A soldier standing at the top of the stairs was shouting, “Machine-gun fire. From around the Tractor Factory!”

“Sure it’s not ack-ack fire?” asked a second soldier.

“No, it’s ground combat all right.” The first soldier listened for a moment, then added, “Yes, mortars—and artillery too. No doubt about it.”

Then came more bombers—followed by another wave of explosions.

“Dear God,” said the woman in the astrakhan coat, “please just bring all this to an end.”

“Let’s go,” the first soldier said to his comrade. “Or we’ll be trapped here like mice.”

Then Sofya Osipovna leaned over towards Alexandra Vladimirovna, kissed her on the cheek, got to her feet, threw her greatcoat over her shoulders and said, “I’ll be on my way too. Maybe I can get to my hospital. I’ll just roll myself a cigarette.”

“Yes, my dearest,” said Alexandra, “you go to your hospital.” Reaching beneath her coat, she quickly unfastened her enamel brooch and pinned it to Sofya’s tunic. “You take care of these violets now,” she said gently. “Do you remember? Viktor’s mother gave this to me the spring I got married. When we were both staying with her in Paris. You were still just a girl. Two enamel violets—I took them to Siberia with me.”

In the dark cellar, this memory of a distant spring, of the two women’s youth, seemed painfully sad.

They embraced in silence and kissed.

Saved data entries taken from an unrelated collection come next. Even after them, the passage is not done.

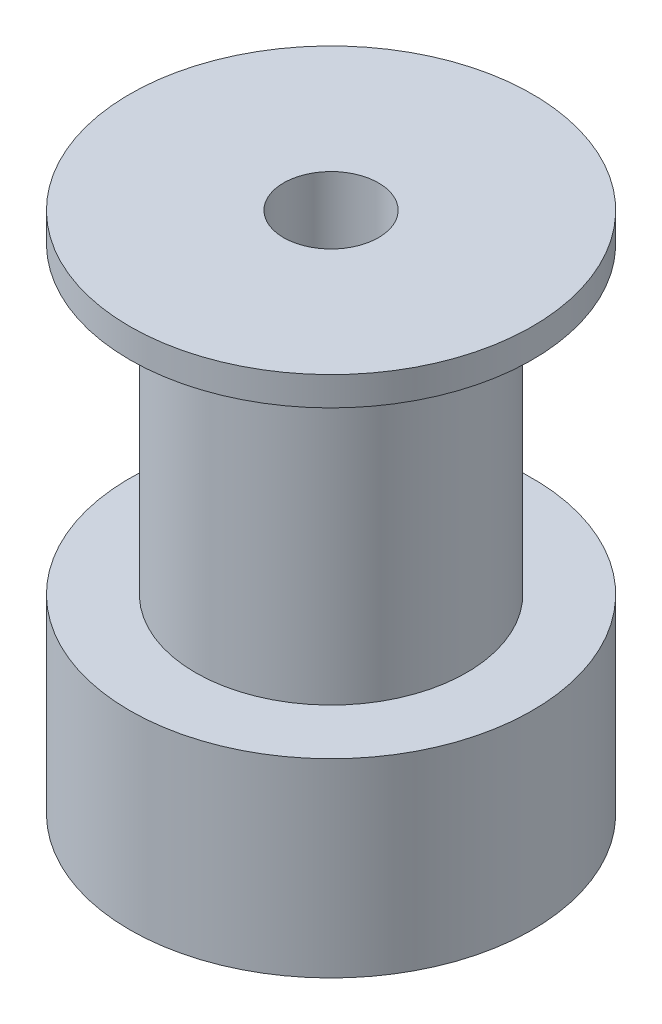
ISO-10303-21;
HEADER;
FILE_DESCRIPTION(('STEP AP214'),'2;1');
FILE_NAME('part.step','',(''),(''),'','','');
FILE_SCHEMA(('AUTOMOTIVE_DESIGN { 1 0 10303 214 1 1 1 1 }'));
ENDSEC;
DATA;
#1=APPLICATION_CONTEXT('core data for automotive mechanical design processes');
#2=APPLICATION_PROTOCOL_DEFINITION('international standard','automotive_design',2000,#1);
#3=PRODUCT_CONTEXT('',#1,'mechanical');
#4=PRODUCT('Part','Part','',(#3));
#5=PRODUCT_RELATED_PRODUCT_CATEGORY('part','',(#4));
#6=PRODUCT_DEFINITION_FORMATION('','',#4);
#7=PRODUCT_DEFINITION_CONTEXT('part definition',#1,'design');
#8=PRODUCT_DEFINITION('design','',#6,#7);
#9=PRODUCT_DEFINITION_SHAPE('','',#8);
#10=(LENGTH_UNIT() NAMED_UNIT(*) SI_UNIT(.MILLI.,.METRE.));
#11=(NAMED_UNIT(*) PLANE_ANGLE_UNIT() SI_UNIT($,.RADIAN.));
#12=(NAMED_UNIT(*) SI_UNIT($,.STERADIAN.) SOLID_ANGLE_UNIT());
#13=UNCERTAINTY_MEASURE_WITH_UNIT(LENGTH_MEASURE(1.E-05),#10,'distance_accuracy_value','');
#14=(GEOMETRIC_REPRESENTATION_CONTEXT(3) GLOBAL_UNCERTAINTY_ASSIGNED_CONTEXT((#13)) GLOBAL_UNIT_ASSIGNED_CONTEXT((#10,
#11,#12)) REPRESENTATION_CONTEXT('',''));
#15=CARTESIAN_POINT('',(0.,0.,0.));
#16=DIRECTION('',(0.,0.,1.));
#17=DIRECTION('',(1.,0.,0.));
#18=AXIS2_PLACEMENT_3D('',#15,#16,#17);
#19=CARTESIAN_POINT('',(0.,17.4752,0.));
#20=DIRECTION('',(0.,-1.,0.));
#21=DIRECTION('',(0.,0.,-1.));
#22=AXIS2_PLACEMENT_3D('',#19,#20,#21);
#23=CYLINDRICAL_SURFACE('',#22,6.731);
#24=CARTESIAN_POINT('',(0.,0.,0.));
#25=DIRECTION('',(0.,1.,0.));
#26=DIRECTION('',(0.,0.,1.));
#27=AXIS2_PLACEMENT_3D('',#24,#25,#26);
#28=CIRCLE('',#27,6.731);
#29=CARTESIAN_POINT('',(0.,0.,6.731));
#30=VERTEX_POINT('',#29);
#31=EDGE_CURVE('E34',#30,#30,#28,.T.);
#32=ORIENTED_EDGE('',*,*,#31,.T.);
#33=EDGE_LOOP('',(#32));
#34=FACE_BOUND('',#33,.T.);
#35=CARTESIAN_POINT('',(0.,6.35,0.));
#36=DIRECTION('',(0.,1.,0.));
#37=DIRECTION('',(0.,0.,1.));
#38=AXIS2_PLACEMENT_3D('',#35,#36,#37);
#39=CIRCLE('',#38,6.73100000000001);
#40=CARTESIAN_POINT('',(0.,6.35,6.73100000000001));
#41=VERTEX_POINT('',#40);
#42=EDGE_CURVE('E41',#41,#41,#39,.T.);
#43=ORIENTED_EDGE('',*,*,#42,.F.);
#44=EDGE_LOOP('',(#43));
#45=FACE_BOUND('',#44,.T.);
#46=ADVANCED_FACE('F31',(#34,#45),#23,.T.);
#47=CARTESIAN_POINT('',(0.,0.,0.));
#48=DIRECTION('',(0.,1.,0.));
#49=DIRECTION('',(0.,0.,1.));
#50=AXIS2_PLACEMENT_3D('',#47,#48,#49);
#51=PLANE('',#50);
#52=CARTESIAN_POINT('',(0.,0.,0.));
#53=DIRECTION('',(0.,1.,0.));
#54=DIRECTION('',(0.,0.,1.));
#55=AXIS2_PLACEMENT_3D('',#52,#53,#54);
#56=CIRCLE('',#55,1.5875);
#57=CARTESIAN_POINT('',(0.,0.,1.5875));
#58=VERTEX_POINT('',#57);
#59=EDGE_CURVE('E54',#58,#58,#56,.T.);
#60=ORIENTED_EDGE('',*,*,#59,.T.);
#61=EDGE_LOOP('',(#60));
#62=FACE_BOUND('',#61,.T.);
#63=ORIENTED_EDGE('',*,*,#31,.F.);
#64=EDGE_LOOP('',(#63));
#65=FACE_BOUND('',#64,.T.);
#66=ADVANCED_FACE('F61',(#62,#65),#51,.F.);
#67=CARTESIAN_POINT('',(0.,6.35,-6.73100000000001));
#68=DIRECTION('',(0.,1.,0.));
#69=DIRECTION('',(0.,0.,1.));
#70=AXIS2_PLACEMENT_3D('',#67,#68,#69);
#71=PLANE('',#70);
#72=ORIENTED_EDGE('',*,*,#42,.T.);
#73=EDGE_LOOP('',(#72));
#74=FACE_BOUND('',#73,.T.);
#75=CARTESIAN_POINT('',(0.,6.35,0.));
#76=DIRECTION('',(0.,1.,0.));
#77=DIRECTION('',(0.,0.,1.));
#78=AXIS2_PLACEMENT_3D('',#75,#76,#77);
#79=CIRCLE('',#78,4.5339);
#80=CARTESIAN_POINT('',(0.,6.35,4.5339));
#81=VERTEX_POINT('',#80);
#82=EDGE_CURVE('E45',#81,#81,#79,.T.);
#83=ORIENTED_EDGE('',*,*,#82,.F.);
#84=EDGE_LOOP('',(#83));
#85=FACE_BOUND('',#84,.T.);
#86=ADVANCED_FACE('F89',(#74,#85),#71,.T.);
#87=CARTESIAN_POINT('',(0.,18.3093316774291,0.));
#88=DIRECTION('',(0.,1.,0.));
#89=DIRECTION('',(0.,0.,1.));
#90=AXIS2_PLACEMENT_3D('',#87,#88,#89);
#91=CYLINDRICAL_SURFACE('',#90,4.5339);
#92=ORIENTED_EDGE('',*,*,#82,.T.);
#93=EDGE_LOOP('',(#92));
#94=FACE_BOUND('',#93,.T.);
#95=CARTESIAN_POINT('',(0.,16.51,0.));
#96=DIRECTION('',(0.,1.,0.));
#97=DIRECTION('',(0.,0.,1.));
#98=AXIS2_PLACEMENT_3D('',#95,#96,#97);
#99=CIRCLE('',#98,4.5339);
#100=CARTESIAN_POINT('',(0.,16.51,4.5339));
#101=VERTEX_POINT('',#100);
#102=EDGE_CURVE('E48',#101,#101,#99,.T.);
#103=ORIENTED_EDGE('',*,*,#102,.F.);
#104=EDGE_LOOP('',(#103));
#105=FACE_BOUND('',#104,.T.);
#106=ADVANCED_FACE('F80',(#94,#105),#91,.T.);
#107=CARTESIAN_POINT('',(0.,16.51,-6.731));
#108=DIRECTION('',(0.,-1.,0.));
#109=DIRECTION('',(0.,0.,-1.));
#110=AXIS2_PLACEMENT_3D('',#107,#108,#109);
#111=PLANE('',#110);
#112=ORIENTED_EDGE('',*,*,#102,.T.);
#113=EDGE_LOOP('',(#112));
#114=FACE_BOUND('',#113,.T.);
#115=CARTESIAN_POINT('',(0.,16.51,0.));
#116=DIRECTION('',(0.,1.,0.));
#117=DIRECTION('',(0.,0.,1.));
#118=AXIS2_PLACEMENT_3D('',#115,#116,#117);
#119=CIRCLE('',#118,6.731);
#120=CARTESIAN_POINT('',(0.,16.51,6.731));
#121=VERTEX_POINT('',#120);
#122=EDGE_CURVE('E51',#121,#121,#119,.T.);
#123=ORIENTED_EDGE('',*,*,#122,.F.);
#124=EDGE_LOOP('',(#123));
#125=FACE_BOUND('',#124,.T.);
#126=ADVANCED_FACE('F73',(#114,#125),#111,.T.);
#127=CARTESIAN_POINT('',(0.,17.4752,0.));
#128=DIRECTION('',(0.,1.,0.));
#129=DIRECTION('',(0.,0.,1.));
#130=AXIS2_PLACEMENT_3D('',#127,#128,#129);
#131=PLANE('',#130);
#132=CARTESIAN_POINT('',(0.,17.4752,0.));
#133=DIRECTION('',(0.,1.,0.));
#134=DIRECTION('',(0.,0.,1.));
#135=AXIS2_PLACEMENT_3D('',#132,#133,#134);
#136=CIRCLE('',#135,1.5875);
#137=CARTESIAN_POINT('',(0.,17.4752,1.5875));
#138=VERTEX_POINT('',#137);
#139=EDGE_CURVE('E55',#138,#138,#136,.T.);
#140=ORIENTED_EDGE('',*,*,#139,.F.);
#141=EDGE_LOOP('',(#140));
#142=FACE_BOUND('',#141,.T.);
#143=CARTESIAN_POINT('',(0.,17.4752,0.));
#144=DIRECTION('',(0.,1.,0.));
#145=DIRECTION('',(0.,0.,1.));
#146=AXIS2_PLACEMENT_3D('',#143,#144,#145);
#147=CIRCLE('',#146,6.731);
#148=CARTESIAN_POINT('',(0.,17.4752,6.731));
#149=VERTEX_POINT('',#148);
#150=EDGE_CURVE('E10',#149,#149,#147,.T.);
#151=ORIENTED_EDGE('',*,*,#150,.T.);
#152=EDGE_LOOP('',(#151));
#153=FACE_BOUND('',#152,.T.);
#154=ADVANCED_FACE('F71',(#142,#153),#131,.T.);
#155=ORIENTED_EDGE('',*,*,#150,.F.);
#156=EDGE_LOOP('',(#155));
#157=FACE_BOUND('',#156,.T.);
#158=ORIENTED_EDGE('',*,*,#122,.T.);
#159=EDGE_LOOP('',(#158));
#160=FACE_BOUND('',#159,.T.);
#161=ADVANCED_FACE('F67',(#157,#160),#23,.T.);
#162=CARTESIAN_POINT('',(0.,0.,0.));
#163=DIRECTION('',(0.,1.,0.));
#164=DIRECTION('',(0.,0.,1.));
#165=AXIS2_PLACEMENT_3D('',#162,#163,#164);
#166=CYLINDRICAL_SURFACE('',#165,1.5875);
#167=ORIENTED_EDGE('',*,*,#59,.F.);
#168=EDGE_LOOP('',(#167));
#169=FACE_BOUND('',#168,.T.);
#170=ORIENTED_EDGE('',*,*,#139,.T.);
#171=EDGE_LOOP('',(#170));
#172=FACE_BOUND('',#171,.T.);
#173=ADVANCED_FACE('F64',(#169,#172),#166,.F.);
#174=CLOSED_SHELL('',(#46,#66,#86,#106,#126,#154,#161,#173));
#175=MANIFOLD_SOLID_BREP('B2',#174);
#176=ADVANCED_BREP_SHAPE_REPRESENTATION('',(#18,#175),#14);
#177=SHAPE_DEFINITION_REPRESENTATION(#9,#176);
ENDSEC;
END-ISO-10303-21;

From the way they looked each other in the eye, it was clear to everyone that they were close friends and that they were parting for a long time, maybe forever.

Sofya Osipovna began to walk towards the exit. The house manager’s wife said, “She’s running away. The Jews are all running away. They know they won’t last long under the Germans. Only I don’t understand what makes a Russian woman give her her cross.”

“It wasn’t a cross,” said a woman standing beside her. “It’s a brooch.”

“All right, all right,” said the house manager’s wife. “But whatever you choose to call it, it won’t be any help to her now—not with a nose like that.”

Craning her neck, Alexandra Vladimirovna watched Sofya Osipovna’s broad shoulders disappear into the gloom. She knew, with startling clarity, that she would never see her again.